Adult patients with CKD but not receiving renal replacement therapy enrolled in studies where KFRE was used in clinical care pathways.
All studies published from April 2011 to October 2021 identified from Medline, Cumulative Index to Nursing and Allied Health Literature, Embase and reference and citation searches of included studies.
Relevant data were extracted, and two reviewers independently assessed study quality using appropriate appraisal tools.
Findings reported as a narrative synthesis due to heterogeneity of the included studies.
Of 1635 studies identified, 440 duplicates were removed. The remaining 1195 titles and abstracts were screened. All five studies for full-text review were included in the analysis.

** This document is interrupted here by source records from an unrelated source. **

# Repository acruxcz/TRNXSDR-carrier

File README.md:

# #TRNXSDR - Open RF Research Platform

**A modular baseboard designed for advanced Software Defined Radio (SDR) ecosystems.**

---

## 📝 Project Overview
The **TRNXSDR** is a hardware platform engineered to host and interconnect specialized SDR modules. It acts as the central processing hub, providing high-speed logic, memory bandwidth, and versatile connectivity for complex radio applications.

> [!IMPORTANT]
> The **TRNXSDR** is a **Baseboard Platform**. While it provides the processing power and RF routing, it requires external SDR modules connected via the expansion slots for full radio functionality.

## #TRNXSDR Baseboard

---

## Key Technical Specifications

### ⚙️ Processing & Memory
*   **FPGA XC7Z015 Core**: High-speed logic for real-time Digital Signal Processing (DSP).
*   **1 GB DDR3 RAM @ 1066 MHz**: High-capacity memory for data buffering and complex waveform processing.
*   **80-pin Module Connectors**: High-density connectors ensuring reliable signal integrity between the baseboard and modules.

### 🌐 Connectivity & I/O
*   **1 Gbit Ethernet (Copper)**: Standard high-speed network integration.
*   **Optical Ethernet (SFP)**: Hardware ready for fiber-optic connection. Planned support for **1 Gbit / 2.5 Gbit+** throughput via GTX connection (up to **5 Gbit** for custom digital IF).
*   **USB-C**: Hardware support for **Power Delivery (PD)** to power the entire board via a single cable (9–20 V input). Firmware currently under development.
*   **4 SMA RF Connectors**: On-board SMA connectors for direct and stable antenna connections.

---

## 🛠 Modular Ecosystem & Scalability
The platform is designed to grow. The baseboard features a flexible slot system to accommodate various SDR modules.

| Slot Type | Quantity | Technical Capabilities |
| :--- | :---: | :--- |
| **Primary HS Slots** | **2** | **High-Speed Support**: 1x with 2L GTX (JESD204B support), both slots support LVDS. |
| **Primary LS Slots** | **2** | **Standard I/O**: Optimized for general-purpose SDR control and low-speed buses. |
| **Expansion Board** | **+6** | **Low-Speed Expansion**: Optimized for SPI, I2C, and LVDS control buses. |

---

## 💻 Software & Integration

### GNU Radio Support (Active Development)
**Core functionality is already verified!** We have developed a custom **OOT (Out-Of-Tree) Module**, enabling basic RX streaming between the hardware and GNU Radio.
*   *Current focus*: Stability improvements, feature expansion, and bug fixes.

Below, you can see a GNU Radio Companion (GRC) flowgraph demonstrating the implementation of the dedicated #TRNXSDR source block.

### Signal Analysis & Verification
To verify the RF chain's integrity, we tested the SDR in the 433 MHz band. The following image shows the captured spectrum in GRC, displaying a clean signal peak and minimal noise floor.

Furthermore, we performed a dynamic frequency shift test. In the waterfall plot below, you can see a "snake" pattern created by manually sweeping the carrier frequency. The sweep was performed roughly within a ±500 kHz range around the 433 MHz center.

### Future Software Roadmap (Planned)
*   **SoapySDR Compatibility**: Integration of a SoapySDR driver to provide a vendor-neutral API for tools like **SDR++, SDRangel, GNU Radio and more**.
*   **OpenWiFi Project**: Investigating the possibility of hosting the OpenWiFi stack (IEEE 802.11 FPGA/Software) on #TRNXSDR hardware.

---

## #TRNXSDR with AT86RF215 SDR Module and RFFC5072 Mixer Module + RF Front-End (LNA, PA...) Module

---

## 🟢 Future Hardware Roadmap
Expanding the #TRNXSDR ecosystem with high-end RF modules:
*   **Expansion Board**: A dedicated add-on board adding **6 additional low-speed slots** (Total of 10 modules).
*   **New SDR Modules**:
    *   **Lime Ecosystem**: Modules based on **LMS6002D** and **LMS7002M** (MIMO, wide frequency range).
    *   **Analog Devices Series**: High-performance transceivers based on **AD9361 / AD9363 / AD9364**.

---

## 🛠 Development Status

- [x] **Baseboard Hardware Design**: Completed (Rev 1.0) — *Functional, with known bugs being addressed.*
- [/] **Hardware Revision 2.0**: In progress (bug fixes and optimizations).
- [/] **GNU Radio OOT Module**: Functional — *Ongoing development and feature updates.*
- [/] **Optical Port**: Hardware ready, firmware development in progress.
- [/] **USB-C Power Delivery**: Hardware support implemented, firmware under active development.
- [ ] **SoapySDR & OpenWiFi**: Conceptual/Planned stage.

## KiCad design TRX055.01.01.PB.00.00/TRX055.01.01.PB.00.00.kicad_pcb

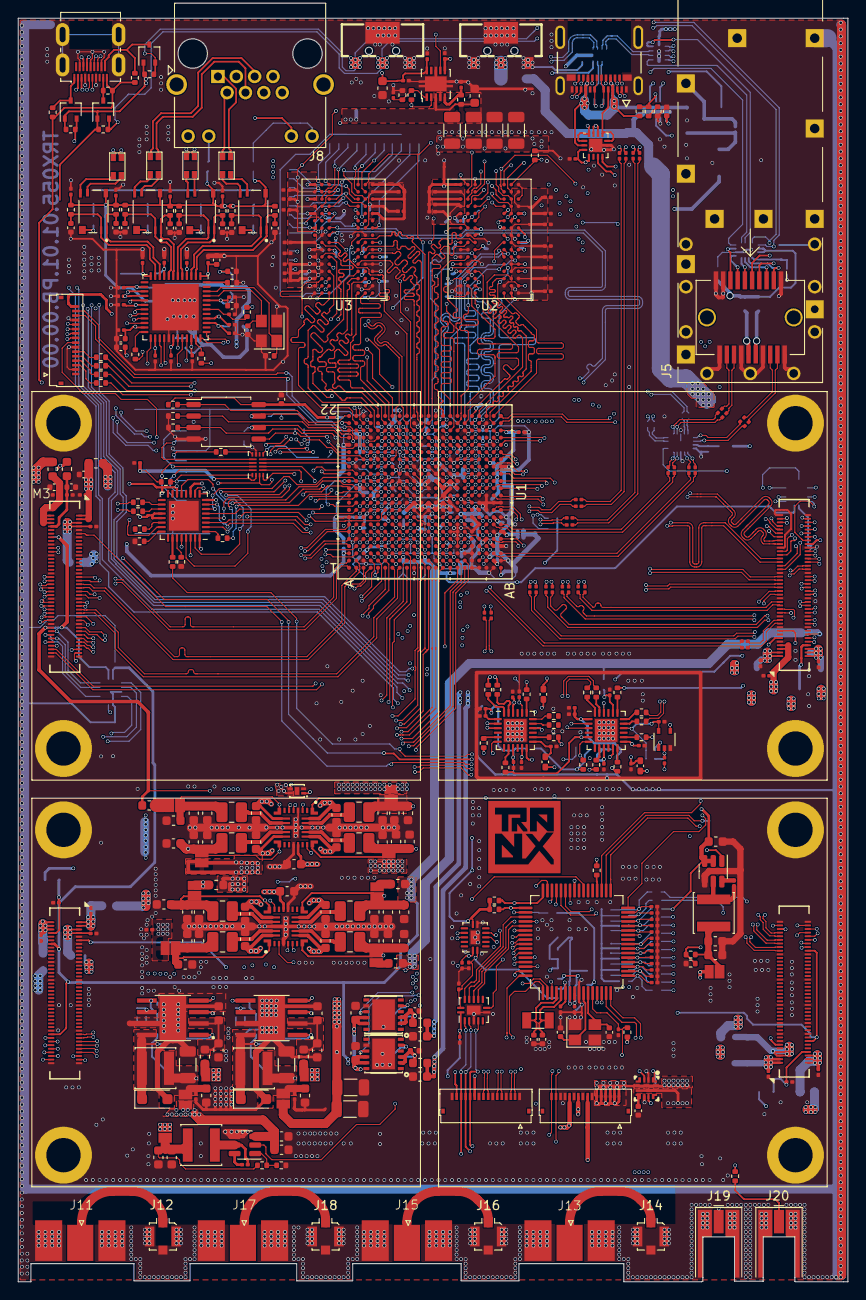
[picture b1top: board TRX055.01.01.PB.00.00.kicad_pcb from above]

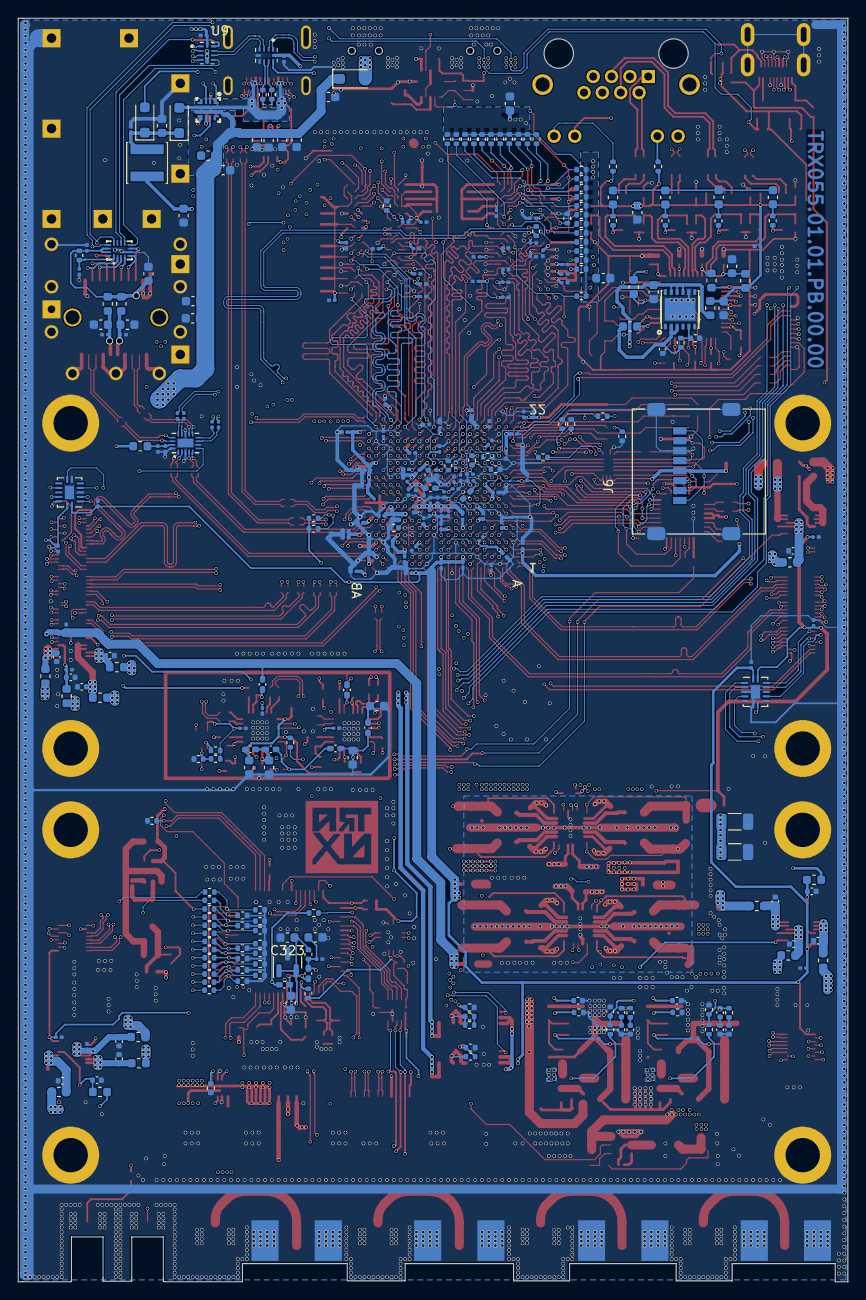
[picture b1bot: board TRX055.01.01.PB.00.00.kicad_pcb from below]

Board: 6 copper layers, 91.8 x 139.8 mm, 702 parts (313 on the bottom side), 611 nets.

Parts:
C1, C2, C3, C4, C5, C6, C7, C8, C9, C10, C11, C12, C13, C14, C15, C16, C17, C18, C19, C20, C21, C22, C23, C24, C111, C148, C149, C150, C154, C155, C156, C157, C158, C159, C160, C161, C162, C163, C164, C165, C169, C171, C174, C176, C227, C229, C231, C233, C234, C239, C245, C246, C247, C248, C249, C250, C257, C282, C283, C284, C285, C286, C288, C310, C311, C313, C314, C323, C324, C325, C326: 10M; C_0603_1608Metric
C25, C113, C114, C117, C124, C127, C186, C188, C190, C192, C194, C196, C198, C200, C202, C204, C206, C208, C210, C212, C214, C216, C240, C244, C289: 1M; C_0402_1005Metric
C26, C27, C28, C29, C30, C31, C32, C33, C34, C35, C36, C37, C38, C39, C40, C41, C42, C43, C44, C45, C46, C47, C48, C49, C50, C51, C52, C53, C54, C55, C56, C57, C58, C59, C60, C61, C62, C63, C64, C65, C66, C67, C68, C69, C70, C71, C72, C73, C74, C75, C76, C77, C78, C79, C80, C81, C82, C83, C84, C85, C86, C87, C88, C89, C90, C91, C92, C93, C94, C95, C96, C97, C98, C99, C100, C101, C102, C103, C104, C105, C106, C107, C110, C112, C115, C116, C118, C119, C120, C121, C122, C123, C125, C126, C128, C129, C130, C133, C137, C141, C145, C147, C151, C152, C153, C166, C167, C168, C170, C172, C173, C175, C177, C178, C179, C184, C185, C187, C189, C191, C193, C195, C197, C199, C201, C203, C205, C207, C209, C211, C213, C215, C217, C218, C219, C220, C221, C222, C223, C224, C225, C226, C228, C230, C232, C235, C236, C253, C258, C259, C260, C261, C262, C263, C264, C265, C266, C267, C268, C269, C270, C271, C272, C273, C274, C275, C276, C277, C278, C281, C287, C290, C291, C292, C293, C294, C295, C296, C297, C298, C299, C300, C301, C302, C303, C304, C305, C306, C307, C308, C309, C312, C315, C316, C317, C318, C319, C320, C321, C322, C327, C328, C329, C330, C331, C332, C333, C334, C335, C336, C337, C338, C339, C340, C341, C342, C343, C344, C345, C346, C347, C348, C349, C350, C351, C352, C353, C354, C355, C356, C357, C358, C359, C360, C361, C362, C363, C364, C365, C366, C367, C368, C382, C383: M1; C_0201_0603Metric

Three uses of KFRE were assessed: (1) primary to specialty care interface; (2) general nephrology to multidisciplinary care transition; and (3) treatment planning. Evidence of impact on number of patient referrals into nephrology care was conflicting. However, wait times improved in one study. Although KFRE identified high-risk patients for increased multidisciplinary support, there was concern patients stepped down, no longer meeting eligibility criteria, may lack access to services.
This is the first systematic review of studies that have assessed the actual impact of KFRE in clinical practice with five studies of varying quality reported to date. Trials are in progress assessing the impact on clinical outcomes of using KFRE in clinical practice, and KFRE is being incorporated into guidelines for CKD management. Further studies are needed to assess the impact of KFRE on clinical care.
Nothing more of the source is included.